Bray was regarded as an even-tempered and courteous Judge, if rather austere. He seems to have been an object more of respect than affection, but counsel appreciated the fact that he actually listened to their argument before making his mind up. He does not appear ever to have been considered a serious candidate for a permanent position in the Court of Appeal (as with Arthur Channel, his comparatively advanced age when he began his career may have hindered his promotion prospects). But he spent much of his judicial career in the Court of Criminal Appeal (which, at that time, was composed entirely of King’s Bench Judges), and sat as an additional Judge in civil appeals during busy periods, particularly during the Great War. Prominent among Brays’ criminal appeals was R v Bottomley (1922) 16 Cr App R 184. The colourful and crooked Horatio Bottomley enjoyed a richly varied career, which included banking, journalism, politics, and fraud. During the Great War, he used his magazine ‘John Bull’ as a platform for violent anti-German rhetoric and for the promotion of “Victory Bonds”, the proceeds from which were supposed to help the war effort, but largely ended up in Bottomley’s own pocket. Bottomley’s argument that he could not be guilty of stealing money which subscribers had contributed voluntarily did not convince Bray and his colleagues. Bottomley was expelled from the House of Commons (for the second time: a decade earlier, his first term as an MP had come to a premature end when he had been made bankrupt), and spent five years in prison.

Bray’s guest appearances in the civil Court of Appeal included Sanday v British & Foreign Marine [1915] 2 KB 781, an important authority on the meaning of "restraint of princes" in maritime contracts. Bray was a member of the majority which upheld Clement Bailhache's decision that the phrase did not necessarily imply an actual exercise of force, and that there had been a "restraint" when the planned voyage of a British ship to Hamburg had been rendered unlawful at common law by the outbreak of war. His conclusion was upheld in the House of Lords ([1916] 1 AC 650).  

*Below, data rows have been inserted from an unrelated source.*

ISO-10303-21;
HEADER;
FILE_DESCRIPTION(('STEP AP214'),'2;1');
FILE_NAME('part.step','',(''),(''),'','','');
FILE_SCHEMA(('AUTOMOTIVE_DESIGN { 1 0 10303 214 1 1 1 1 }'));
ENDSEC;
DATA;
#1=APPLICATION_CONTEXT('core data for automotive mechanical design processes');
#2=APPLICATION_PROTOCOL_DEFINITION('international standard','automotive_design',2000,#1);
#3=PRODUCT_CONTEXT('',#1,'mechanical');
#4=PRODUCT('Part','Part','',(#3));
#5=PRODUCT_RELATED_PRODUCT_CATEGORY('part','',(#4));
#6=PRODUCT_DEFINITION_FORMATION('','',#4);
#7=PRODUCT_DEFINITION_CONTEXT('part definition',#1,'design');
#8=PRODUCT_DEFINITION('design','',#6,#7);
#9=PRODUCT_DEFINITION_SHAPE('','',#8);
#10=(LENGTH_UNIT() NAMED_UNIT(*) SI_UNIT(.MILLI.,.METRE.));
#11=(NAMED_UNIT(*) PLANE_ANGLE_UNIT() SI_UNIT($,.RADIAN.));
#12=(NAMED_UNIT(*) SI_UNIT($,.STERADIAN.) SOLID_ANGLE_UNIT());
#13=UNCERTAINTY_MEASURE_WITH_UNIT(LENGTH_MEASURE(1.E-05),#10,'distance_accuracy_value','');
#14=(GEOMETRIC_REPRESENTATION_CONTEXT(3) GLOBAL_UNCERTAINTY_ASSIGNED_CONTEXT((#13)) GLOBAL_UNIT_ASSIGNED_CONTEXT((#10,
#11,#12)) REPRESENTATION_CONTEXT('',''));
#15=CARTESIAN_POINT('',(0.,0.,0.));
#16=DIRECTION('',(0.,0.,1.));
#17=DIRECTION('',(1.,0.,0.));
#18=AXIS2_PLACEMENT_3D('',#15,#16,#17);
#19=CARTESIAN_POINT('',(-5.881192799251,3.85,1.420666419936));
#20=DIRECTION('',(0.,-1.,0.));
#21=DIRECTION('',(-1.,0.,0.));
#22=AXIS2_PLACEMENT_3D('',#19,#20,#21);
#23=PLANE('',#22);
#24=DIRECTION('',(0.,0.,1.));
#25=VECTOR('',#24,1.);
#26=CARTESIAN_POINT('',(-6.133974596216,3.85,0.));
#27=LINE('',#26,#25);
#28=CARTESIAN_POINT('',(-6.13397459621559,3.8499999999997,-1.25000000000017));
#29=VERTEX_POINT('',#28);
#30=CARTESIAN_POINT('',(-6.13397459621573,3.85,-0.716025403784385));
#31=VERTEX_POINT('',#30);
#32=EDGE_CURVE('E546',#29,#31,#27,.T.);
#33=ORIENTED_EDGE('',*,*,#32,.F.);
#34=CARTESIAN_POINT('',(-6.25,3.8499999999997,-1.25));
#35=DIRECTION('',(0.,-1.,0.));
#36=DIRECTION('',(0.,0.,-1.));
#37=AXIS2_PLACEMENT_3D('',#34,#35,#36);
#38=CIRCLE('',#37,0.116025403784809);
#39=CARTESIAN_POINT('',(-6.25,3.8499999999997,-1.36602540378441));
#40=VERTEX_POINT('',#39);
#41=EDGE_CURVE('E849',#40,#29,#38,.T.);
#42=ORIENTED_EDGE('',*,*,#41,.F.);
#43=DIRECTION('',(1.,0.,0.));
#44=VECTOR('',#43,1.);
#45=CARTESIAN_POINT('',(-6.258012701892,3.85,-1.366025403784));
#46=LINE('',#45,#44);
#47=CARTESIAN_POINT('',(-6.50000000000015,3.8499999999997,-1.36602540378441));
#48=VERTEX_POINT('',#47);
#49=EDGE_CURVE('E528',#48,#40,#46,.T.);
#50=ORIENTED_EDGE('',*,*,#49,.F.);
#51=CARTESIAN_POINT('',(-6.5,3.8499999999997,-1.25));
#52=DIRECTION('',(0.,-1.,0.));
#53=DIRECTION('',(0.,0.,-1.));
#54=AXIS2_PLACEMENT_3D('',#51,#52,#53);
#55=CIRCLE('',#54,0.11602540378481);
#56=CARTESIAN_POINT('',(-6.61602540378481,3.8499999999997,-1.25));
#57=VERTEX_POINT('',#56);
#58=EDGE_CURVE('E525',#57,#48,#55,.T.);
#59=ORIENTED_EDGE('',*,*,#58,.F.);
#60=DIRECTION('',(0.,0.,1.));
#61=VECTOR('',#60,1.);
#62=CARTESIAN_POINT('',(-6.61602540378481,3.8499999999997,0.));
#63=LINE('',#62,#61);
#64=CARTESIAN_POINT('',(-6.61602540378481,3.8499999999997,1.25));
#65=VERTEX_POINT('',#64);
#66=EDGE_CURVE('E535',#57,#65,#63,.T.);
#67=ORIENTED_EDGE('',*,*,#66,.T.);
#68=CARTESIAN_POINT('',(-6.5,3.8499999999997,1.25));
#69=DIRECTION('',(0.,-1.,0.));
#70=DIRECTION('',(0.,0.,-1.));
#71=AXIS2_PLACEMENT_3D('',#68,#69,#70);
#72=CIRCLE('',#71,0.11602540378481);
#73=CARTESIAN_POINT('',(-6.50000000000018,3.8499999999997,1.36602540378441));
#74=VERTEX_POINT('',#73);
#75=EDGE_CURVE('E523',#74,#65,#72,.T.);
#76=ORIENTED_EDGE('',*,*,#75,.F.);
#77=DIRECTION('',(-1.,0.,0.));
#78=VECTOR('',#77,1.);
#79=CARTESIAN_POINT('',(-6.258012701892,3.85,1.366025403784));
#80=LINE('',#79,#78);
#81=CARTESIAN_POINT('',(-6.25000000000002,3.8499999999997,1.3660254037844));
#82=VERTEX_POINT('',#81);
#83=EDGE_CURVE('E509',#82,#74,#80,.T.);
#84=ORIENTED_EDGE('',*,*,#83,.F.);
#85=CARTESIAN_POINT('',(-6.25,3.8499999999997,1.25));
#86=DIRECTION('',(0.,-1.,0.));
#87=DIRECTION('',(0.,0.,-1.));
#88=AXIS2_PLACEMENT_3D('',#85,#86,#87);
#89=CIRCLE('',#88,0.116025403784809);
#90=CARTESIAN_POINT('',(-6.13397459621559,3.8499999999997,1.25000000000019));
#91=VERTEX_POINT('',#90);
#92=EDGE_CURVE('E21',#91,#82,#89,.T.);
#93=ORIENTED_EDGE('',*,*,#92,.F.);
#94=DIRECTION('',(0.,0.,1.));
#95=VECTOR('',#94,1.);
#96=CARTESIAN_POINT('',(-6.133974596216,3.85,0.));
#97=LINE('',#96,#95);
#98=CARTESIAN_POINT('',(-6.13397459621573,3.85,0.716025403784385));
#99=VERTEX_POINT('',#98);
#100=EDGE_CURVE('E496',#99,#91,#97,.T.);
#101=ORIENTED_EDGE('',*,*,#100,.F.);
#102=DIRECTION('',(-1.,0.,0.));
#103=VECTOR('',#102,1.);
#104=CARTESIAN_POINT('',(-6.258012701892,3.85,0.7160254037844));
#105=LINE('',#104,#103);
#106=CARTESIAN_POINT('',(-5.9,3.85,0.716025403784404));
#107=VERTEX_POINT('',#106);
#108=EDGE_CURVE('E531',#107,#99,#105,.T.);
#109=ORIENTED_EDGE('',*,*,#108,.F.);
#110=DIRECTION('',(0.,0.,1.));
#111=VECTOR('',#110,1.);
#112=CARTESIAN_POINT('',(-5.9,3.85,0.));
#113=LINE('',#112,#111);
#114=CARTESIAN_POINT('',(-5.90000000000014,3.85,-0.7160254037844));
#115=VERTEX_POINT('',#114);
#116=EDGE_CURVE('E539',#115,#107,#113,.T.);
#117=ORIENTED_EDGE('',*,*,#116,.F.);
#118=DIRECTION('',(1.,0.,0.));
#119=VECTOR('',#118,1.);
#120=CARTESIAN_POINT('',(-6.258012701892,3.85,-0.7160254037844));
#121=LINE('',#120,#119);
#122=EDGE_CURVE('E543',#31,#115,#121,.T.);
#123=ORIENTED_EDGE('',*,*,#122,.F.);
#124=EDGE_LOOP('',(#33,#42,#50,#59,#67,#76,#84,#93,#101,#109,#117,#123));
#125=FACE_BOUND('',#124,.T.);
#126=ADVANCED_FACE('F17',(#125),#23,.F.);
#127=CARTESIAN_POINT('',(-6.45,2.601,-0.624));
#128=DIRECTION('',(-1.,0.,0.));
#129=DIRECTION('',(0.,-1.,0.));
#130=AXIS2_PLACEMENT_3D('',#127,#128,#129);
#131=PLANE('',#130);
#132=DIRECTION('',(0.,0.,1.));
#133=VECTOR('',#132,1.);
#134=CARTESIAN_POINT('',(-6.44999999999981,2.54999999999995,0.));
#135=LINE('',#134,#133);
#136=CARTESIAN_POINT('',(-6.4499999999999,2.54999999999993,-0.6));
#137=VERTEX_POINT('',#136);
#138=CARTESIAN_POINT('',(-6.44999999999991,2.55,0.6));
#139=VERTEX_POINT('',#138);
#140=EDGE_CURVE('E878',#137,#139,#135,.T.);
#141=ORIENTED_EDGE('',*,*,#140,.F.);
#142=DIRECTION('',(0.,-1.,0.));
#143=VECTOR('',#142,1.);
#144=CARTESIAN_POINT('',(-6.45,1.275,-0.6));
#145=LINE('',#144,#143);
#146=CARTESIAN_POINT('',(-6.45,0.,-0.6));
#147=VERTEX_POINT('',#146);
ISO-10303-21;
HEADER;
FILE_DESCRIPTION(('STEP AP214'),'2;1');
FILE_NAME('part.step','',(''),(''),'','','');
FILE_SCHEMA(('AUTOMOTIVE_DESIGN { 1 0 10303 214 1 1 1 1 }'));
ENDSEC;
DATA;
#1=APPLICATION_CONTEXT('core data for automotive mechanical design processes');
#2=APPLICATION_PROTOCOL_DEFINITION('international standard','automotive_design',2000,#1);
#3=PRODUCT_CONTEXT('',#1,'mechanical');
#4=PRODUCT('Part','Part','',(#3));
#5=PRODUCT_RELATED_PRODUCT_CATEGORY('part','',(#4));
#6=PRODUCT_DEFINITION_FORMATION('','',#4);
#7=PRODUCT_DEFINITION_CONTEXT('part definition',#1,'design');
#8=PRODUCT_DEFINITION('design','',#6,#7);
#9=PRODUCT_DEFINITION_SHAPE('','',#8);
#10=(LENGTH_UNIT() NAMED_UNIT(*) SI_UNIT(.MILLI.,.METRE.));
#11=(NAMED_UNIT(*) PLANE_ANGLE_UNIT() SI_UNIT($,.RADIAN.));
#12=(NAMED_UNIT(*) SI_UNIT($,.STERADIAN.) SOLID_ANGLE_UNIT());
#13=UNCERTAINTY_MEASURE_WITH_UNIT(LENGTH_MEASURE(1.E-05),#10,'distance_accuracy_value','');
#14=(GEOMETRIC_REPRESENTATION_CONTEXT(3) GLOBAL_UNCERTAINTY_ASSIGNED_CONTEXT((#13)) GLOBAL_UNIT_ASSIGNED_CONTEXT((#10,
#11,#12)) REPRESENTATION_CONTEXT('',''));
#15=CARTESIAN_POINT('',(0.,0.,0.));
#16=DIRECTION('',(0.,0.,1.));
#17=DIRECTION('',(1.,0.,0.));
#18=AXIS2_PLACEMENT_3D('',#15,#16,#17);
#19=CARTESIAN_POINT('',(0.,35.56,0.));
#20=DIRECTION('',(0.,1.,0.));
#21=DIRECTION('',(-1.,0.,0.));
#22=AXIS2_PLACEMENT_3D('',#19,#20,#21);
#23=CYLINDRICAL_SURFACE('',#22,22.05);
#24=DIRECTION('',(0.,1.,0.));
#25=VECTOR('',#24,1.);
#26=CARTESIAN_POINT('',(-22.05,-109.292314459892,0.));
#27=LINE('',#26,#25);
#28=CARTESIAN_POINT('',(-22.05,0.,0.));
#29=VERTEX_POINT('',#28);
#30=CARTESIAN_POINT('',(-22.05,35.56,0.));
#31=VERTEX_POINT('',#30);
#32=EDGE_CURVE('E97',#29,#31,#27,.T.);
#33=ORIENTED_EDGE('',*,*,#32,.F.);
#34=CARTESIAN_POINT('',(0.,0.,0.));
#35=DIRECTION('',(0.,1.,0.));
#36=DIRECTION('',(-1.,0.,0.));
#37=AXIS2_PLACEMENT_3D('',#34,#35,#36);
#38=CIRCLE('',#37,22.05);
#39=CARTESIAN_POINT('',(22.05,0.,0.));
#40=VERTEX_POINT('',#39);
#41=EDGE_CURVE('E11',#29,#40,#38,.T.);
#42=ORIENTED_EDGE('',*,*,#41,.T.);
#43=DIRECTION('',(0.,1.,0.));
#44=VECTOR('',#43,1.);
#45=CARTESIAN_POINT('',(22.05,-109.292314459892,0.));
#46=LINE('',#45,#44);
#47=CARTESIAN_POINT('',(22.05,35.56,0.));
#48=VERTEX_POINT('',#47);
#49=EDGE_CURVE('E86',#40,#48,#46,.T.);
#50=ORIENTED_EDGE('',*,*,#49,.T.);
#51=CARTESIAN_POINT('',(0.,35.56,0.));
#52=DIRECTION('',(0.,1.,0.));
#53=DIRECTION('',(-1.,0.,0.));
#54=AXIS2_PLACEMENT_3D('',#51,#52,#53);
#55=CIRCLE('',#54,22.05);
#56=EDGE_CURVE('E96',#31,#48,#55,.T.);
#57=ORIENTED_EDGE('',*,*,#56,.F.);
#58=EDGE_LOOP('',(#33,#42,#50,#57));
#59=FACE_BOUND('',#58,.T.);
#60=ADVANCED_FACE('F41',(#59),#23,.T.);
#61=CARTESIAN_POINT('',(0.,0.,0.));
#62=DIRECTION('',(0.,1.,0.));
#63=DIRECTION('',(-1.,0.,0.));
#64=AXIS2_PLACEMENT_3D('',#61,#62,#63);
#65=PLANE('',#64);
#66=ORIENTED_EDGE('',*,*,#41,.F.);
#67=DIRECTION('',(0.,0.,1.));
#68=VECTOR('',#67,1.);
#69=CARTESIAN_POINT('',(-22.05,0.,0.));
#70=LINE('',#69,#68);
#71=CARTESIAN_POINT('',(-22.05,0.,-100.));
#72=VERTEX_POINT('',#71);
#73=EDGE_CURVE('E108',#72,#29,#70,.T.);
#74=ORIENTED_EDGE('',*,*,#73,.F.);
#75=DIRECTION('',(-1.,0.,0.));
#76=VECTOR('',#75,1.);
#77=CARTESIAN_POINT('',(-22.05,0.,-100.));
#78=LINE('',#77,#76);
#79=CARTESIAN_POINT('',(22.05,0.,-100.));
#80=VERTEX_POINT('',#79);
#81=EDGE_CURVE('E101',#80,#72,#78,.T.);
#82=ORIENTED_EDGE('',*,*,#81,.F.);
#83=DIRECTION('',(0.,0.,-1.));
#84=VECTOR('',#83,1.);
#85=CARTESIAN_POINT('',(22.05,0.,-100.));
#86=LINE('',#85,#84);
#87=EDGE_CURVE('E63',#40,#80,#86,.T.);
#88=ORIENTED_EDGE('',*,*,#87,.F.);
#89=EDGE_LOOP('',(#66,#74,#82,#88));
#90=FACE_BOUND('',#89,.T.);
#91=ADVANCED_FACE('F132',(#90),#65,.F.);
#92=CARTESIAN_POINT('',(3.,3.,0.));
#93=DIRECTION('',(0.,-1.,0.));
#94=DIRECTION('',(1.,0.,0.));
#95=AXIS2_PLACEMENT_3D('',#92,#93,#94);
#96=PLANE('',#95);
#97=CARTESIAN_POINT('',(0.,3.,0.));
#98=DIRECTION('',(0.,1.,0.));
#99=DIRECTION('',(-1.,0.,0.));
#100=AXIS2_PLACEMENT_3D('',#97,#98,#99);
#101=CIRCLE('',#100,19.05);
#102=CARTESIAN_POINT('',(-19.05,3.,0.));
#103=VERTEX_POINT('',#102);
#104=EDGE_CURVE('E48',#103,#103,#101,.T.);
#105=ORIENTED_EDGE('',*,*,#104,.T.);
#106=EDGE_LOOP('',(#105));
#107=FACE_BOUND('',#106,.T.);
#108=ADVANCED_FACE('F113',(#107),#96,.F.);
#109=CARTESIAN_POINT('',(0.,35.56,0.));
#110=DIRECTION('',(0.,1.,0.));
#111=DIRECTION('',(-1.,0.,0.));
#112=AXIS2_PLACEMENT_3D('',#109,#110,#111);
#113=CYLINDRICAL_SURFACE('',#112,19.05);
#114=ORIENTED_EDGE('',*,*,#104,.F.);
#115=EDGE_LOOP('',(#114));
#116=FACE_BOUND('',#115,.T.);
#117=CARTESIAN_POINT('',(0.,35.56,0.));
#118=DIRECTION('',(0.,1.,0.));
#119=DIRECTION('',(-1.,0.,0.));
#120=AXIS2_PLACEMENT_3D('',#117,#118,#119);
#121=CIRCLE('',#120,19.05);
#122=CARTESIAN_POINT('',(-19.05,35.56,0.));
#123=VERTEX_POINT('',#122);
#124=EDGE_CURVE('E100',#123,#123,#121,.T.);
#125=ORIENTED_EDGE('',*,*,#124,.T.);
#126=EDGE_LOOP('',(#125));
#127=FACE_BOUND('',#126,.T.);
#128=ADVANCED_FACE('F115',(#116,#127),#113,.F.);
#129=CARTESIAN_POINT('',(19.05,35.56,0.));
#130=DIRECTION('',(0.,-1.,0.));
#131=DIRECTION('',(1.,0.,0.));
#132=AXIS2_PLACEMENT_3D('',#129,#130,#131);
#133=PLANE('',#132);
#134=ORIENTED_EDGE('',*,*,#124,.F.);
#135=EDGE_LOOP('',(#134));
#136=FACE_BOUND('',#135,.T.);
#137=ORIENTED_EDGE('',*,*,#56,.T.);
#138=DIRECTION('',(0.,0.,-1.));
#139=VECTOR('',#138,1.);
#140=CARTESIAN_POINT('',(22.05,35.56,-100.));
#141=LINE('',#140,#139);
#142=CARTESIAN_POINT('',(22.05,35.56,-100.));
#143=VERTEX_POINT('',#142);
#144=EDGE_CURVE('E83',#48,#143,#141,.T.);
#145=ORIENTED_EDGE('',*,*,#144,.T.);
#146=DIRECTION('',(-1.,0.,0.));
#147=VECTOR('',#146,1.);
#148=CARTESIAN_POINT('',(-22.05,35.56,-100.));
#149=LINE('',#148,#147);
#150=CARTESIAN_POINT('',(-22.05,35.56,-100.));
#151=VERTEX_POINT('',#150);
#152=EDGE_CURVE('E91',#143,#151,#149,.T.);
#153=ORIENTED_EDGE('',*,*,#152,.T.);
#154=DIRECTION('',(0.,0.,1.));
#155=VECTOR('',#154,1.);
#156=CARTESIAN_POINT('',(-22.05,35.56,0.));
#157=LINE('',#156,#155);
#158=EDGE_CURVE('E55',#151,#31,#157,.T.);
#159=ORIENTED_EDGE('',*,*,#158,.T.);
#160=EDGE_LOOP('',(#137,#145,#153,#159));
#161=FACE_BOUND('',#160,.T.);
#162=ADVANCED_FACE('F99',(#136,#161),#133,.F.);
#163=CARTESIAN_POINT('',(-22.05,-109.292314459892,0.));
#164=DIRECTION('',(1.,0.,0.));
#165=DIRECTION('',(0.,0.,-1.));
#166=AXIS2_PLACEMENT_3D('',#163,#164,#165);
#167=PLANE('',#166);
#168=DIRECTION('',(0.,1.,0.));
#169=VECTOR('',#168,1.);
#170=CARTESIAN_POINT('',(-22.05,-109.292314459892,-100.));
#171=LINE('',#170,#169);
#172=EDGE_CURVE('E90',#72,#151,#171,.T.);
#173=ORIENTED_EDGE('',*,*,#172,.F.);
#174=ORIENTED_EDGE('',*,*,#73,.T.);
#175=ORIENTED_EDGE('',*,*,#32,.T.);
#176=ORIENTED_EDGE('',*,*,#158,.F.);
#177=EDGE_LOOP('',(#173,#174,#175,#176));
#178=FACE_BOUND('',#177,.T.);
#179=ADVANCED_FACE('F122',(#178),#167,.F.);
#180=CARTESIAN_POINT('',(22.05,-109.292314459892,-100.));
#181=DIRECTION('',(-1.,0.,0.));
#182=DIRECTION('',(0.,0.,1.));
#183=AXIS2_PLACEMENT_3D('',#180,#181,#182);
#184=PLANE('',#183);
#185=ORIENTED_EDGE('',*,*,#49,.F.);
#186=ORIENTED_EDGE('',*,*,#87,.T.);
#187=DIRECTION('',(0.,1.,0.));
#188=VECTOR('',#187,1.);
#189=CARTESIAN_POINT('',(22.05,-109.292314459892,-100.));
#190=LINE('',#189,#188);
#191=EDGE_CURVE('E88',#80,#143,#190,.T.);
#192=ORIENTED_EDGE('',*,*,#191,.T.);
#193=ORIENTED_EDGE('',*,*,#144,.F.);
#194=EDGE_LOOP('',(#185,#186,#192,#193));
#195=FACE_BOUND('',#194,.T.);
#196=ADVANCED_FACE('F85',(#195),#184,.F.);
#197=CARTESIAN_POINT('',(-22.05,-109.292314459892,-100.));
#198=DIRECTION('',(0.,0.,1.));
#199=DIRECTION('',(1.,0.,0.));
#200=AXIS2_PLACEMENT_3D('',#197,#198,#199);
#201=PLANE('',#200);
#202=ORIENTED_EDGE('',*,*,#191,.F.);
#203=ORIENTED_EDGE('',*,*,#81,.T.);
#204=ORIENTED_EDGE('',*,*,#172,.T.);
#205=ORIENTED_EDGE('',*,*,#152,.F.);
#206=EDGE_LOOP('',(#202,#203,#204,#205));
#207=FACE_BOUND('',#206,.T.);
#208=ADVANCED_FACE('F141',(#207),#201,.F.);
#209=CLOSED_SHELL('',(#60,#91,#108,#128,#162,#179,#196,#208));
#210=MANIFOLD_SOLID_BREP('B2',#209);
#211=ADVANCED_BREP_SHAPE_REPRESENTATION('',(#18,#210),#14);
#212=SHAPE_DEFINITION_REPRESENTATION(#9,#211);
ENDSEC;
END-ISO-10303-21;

Bray maintained his reputation for hard work and dedication to duty to the very end. When he fell ill during the day's first case on 8th March 1923, he was determined to carry on. But his condition deteriorated, and he had to be carried from Court. For a few days, he appeared to be rallying. But he died at his London home in Kensington a fortnight later. Reginald Bray was buried at Shere, commemorated by a plaque in the family chapel in the Parish Church. His wife Emily Octavia, whom he had married in 1868, at the very start of his career, and six of their eight children survived him. So did the Manor of Shere, which is still owned and manged by the Bray family.